Exercise —
If a line in the records below contains the word "mechanical", copy it out.

[Data records]
-*-
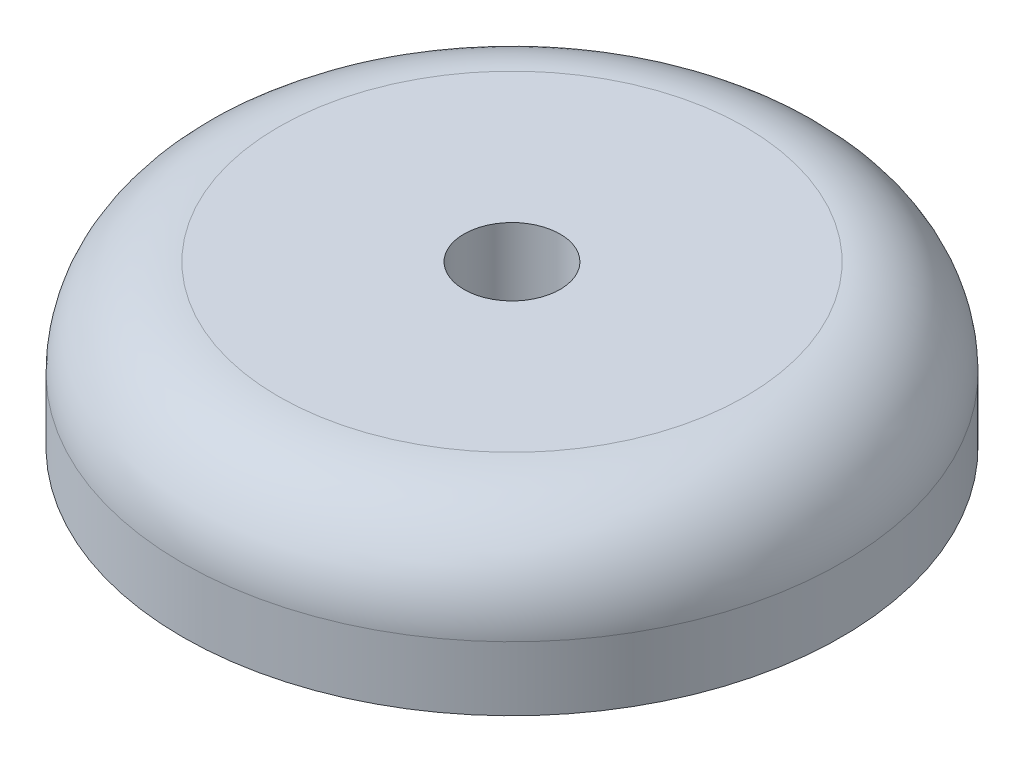
ISO-10303-21;
HEADER;
FILE_DESCRIPTION(('STEP AP214'),'2;1');
FILE_NAME('part.step','',(''),(''),'','','');
FILE_SCHEMA(('AUTOMOTIVE_DESIGN { 1 0 10303 214 1 1 1 1 }'));
ENDSEC;
DATA;
#1=APPLICATION_CONTEXT('core data for automotive mechanical design processes');
#2=APPLICATION_PROTOCOL_DEFINITION('international standard','automotive_design',2000,#1);
#3=PRODUCT_CONTEXT('',#1,'mechanical');
#4=PRODUCT('Part','Part','',(#3));
#5=PRODUCT_RELATED_PRODUCT_CATEGORY('part','',(#4));
#6=PRODUCT_DEFINITION_FORMATION('','',#4);
#7=PRODUCT_DEFINITION_CONTEXT('part definition',#1,'design');
#8=PRODUCT_DEFINITION('design','',#6,#7);
#9=PRODUCT_DEFINITION_SHAPE('','',#8);
#10=(LENGTH_UNIT() NAMED_UNIT(*) SI_UNIT(.MILLI.,.METRE.));
#11=(NAMED_UNIT(*) PLANE_ANGLE_UNIT() SI_UNIT($,.RADIAN.));
#12=(NAMED_UNIT(*) SI_UNIT($,.STERADIAN.) SOLID_ANGLE_UNIT());
#13=UNCERTAINTY_MEASURE_WITH_UNIT(LENGTH_MEASURE(1.E-05),#10,'distance_accuracy_value','');
#14=(GEOMETRIC_REPRESENTATION_CONTEXT(3) GLOBAL_UNCERTAINTY_ASSIGNED_CONTEXT((#13)) GLOBAL_UNIT_ASSIGNED_CONTEXT((#10,
#11,#12)) REPRESENTATION_CONTEXT('',''));
#15=CARTESIAN_POINT('',(0.,0.,0.));
#16=DIRECTION('',(0.,0.,1.));
#17=DIRECTION('',(1.,0.,0.));
#18=AXIS2_PLACEMENT_3D('',#15,#16,#17);
#19=CARTESIAN_POINT('',(0.,5.,0.));
#20=DIRECTION('',(0.,1.,0.));
#21=DIRECTION('',(0.,0.,1.));
#22=AXIS2_PLACEMENT_3D('',#19,#20,#21);
#23=PLANE('',#22);
#24=CARTESIAN_POINT('',(0.,5.,0.));
#25=DIRECTION('',(0.,1.,0.));
#26=DIRECTION('',(0.,0.,1.));
#27=AXIS2_PLACEMENT_3D('',#24,#25,#26);
#28=CIRCLE('',#27,7.287);
#29=CARTESIAN_POINT('',(0.,5.,7.287));
#30=VERTEX_POINT('',#29);
#31=EDGE_CURVE('E38',#30,#30,#28,.T.);
#32=ORIENTED_EDGE('',*,*,#31,.T.);
#33=EDGE_LOOP('',(#32));
#34=FACE_BOUND('',#33,.T.);
#35=CARTESIAN_POINT('',(0.,5.,0.));
#36=DIRECTION('',(0.,1.,0.));
#37=DIRECTION('',(0.,0.,1.));
#38=AXIS2_PLACEMENT_3D('',#35,#36,#37);
#39=CIRCLE('',#38,1.5);
#40=CARTESIAN_POINT('',(0.,5.,1.5));
#41=VERTEX_POINT('',#40);
#42=EDGE_CURVE('E46',#41,#41,#39,.T.);
#43=ORIENTED_EDGE('',*,*,#42,.F.);
#44=EDGE_LOOP('',(#43));
#45=FACE_BOUND('',#44,.T.);
#46=ADVANCED_FACE('F31',(#34,#45),#23,.T.);
#47=CARTESIAN_POINT('',(0.,0.,0.));
#48=DIRECTION('',(0.,1.,0.));
#49=DIRECTION('',(0.,0.,1.));
#50=AXIS2_PLACEMENT_3D('',#47,#48,#49);
#51=PLANE('',#50);
#52=CARTESIAN_POINT('',(0.,0.,0.));
#53=DIRECTION('',(0.,1.,0.));
#54=DIRECTION('',(0.,0.,1.));
#55=AXIS2_PLACEMENT_3D('',#52,#53,#54);
#56=CIRCLE('',#55,10.287);
#57=CARTESIAN_POINT('',(0.,0.,10.287));
#58=VERTEX_POINT('',#57);
#59=EDGE_CURVE('E42',#58,#58,#56,.T.);
#60=ORIENTED_EDGE('',*,*,#59,.F.);
#61=EDGE_LOOP('',(#60));
#62=FACE_BOUND('',#61,.T.);
#63=CARTESIAN_POINT('',(0.,0.,0.));
#64=DIRECTION('',(0.,1.,0.));
#65=DIRECTION('',(0.,0.,1.));
#66=AXIS2_PLACEMENT_3D('',#63,#64,#65);
#67=CIRCLE('',#66,1.5);
#68=CARTESIAN_POINT('',(0.,0.,1.5));
#69=VERTEX_POINT('',#68);
#70=EDGE_CURVE('E49',#69,#69,#67,.T.);
#71=ORIENTED_EDGE('',*,*,#70,.T.);
#72=EDGE_LOOP('',(#71));
#73=FACE_BOUND('',#72,.T.);
#74=ADVANCED_FACE('F59',(#62,#73),#51,.F.);
#75=CARTESIAN_POINT('',(0.,5.,0.));
#76=DIRECTION('',(0.,-1.,0.));
#77=DIRECTION('',(0.,0.,-1.));
#78=AXIS2_PLACEMENT_3D('',#75,#76,#77);
#79=CYLINDRICAL_SURFACE('',#78,10.287);
#80=CARTESIAN_POINT('',(0.,2.,0.));
#81=DIRECTION('',(0.,1.,0.));
#82=DIRECTION('',(0.,0.,1.));
#83=AXIS2_PLACEMENT_3D('',#80,#81,#82);
#84=CIRCLE('',#83,10.287);
#85=CARTESIAN_POINT('',(0.,2.,10.287));
#86=VERTEX_POINT('',#85);
#87=EDGE_CURVE('E10',#86,#86,#84,.F.);
#88=ORIENTED_EDGE('',*,*,#87,.T.);
#89=EDGE_LOOP('',(#88));
#90=FACE_BOUND('',#89,.T.);
#91=ORIENTED_EDGE('',*,*,#59,.T.);
#92=EDGE_LOOP('',(#91));
#93=FACE_BOUND('',#92,.T.);
#94=ADVANCED_FACE('F64',(#90,#93),#79,.T.);
#95=CARTESIAN_POINT('',(0.,5.,0.));
#96=DIRECTION('',(0.,-1.,0.));
#97=DIRECTION('',(0.,0.,-1.));
#98=AXIS2_PLACEMENT_3D('',#95,#96,#97);
#99=CYLINDRICAL_SURFACE('',#98,1.5);
#100=ORIENTED_EDGE('',*,*,#42,.T.);
#101=EDGE_LOOP('',(#100));
#102=FACE_BOUND('',#101,.T.);
#103=ORIENTED_EDGE('',*,*,#70,.F.);
#104=EDGE_LOOP('',(#103));
#105=FACE_BOUND('',#104,.T.);
#106=ADVANCED_FACE('F55',(#102,#105),#99,.F.);
#107=CARTESIAN_POINT('',(0.,2.,0.));
#108=DIRECTION('',(0.,1.,0.));
#109=DIRECTION('',(0.,0.,1.));
#110=AXIS2_PLACEMENT_3D('',#107,#108,#109);
#111=TOROIDAL_SURFACE('',#110,7.287,3.);
#112=ORIENTED_EDGE('',*,*,#87,.F.);
#113=EDGE_LOOP('',(#112));
#114=FACE_BOUND('',#113,.T.);
#115=ORIENTED_EDGE('',*,*,#31,.F.);
#116=EDGE_LOOP('',(#115));
#117=FACE_BOUND('',#116,.T.);
#118=ADVANCED_FACE('F33',(#114,#117),#111,.T.);
#119=CLOSED_SHELL('',(#46,#74,#94,#106,#118));
#120=MANIFOLD_SOLID_BREP('B2',#119);
#121=ADVANCED_BREP_SHAPE_REPRESENTATION('',(#18,#120),#14);
#122=SHAPE_DEFINITION_REPRESENTATION(#9,#121);
ENDSEC;
END-ISO-10303-21;
-*-
Answer to this task —
#1=APPLICATION_CONTEXT('core data for automotive mechanical design processes');
#3=PRODUCT_CONTEXT('',#1,'mechanical');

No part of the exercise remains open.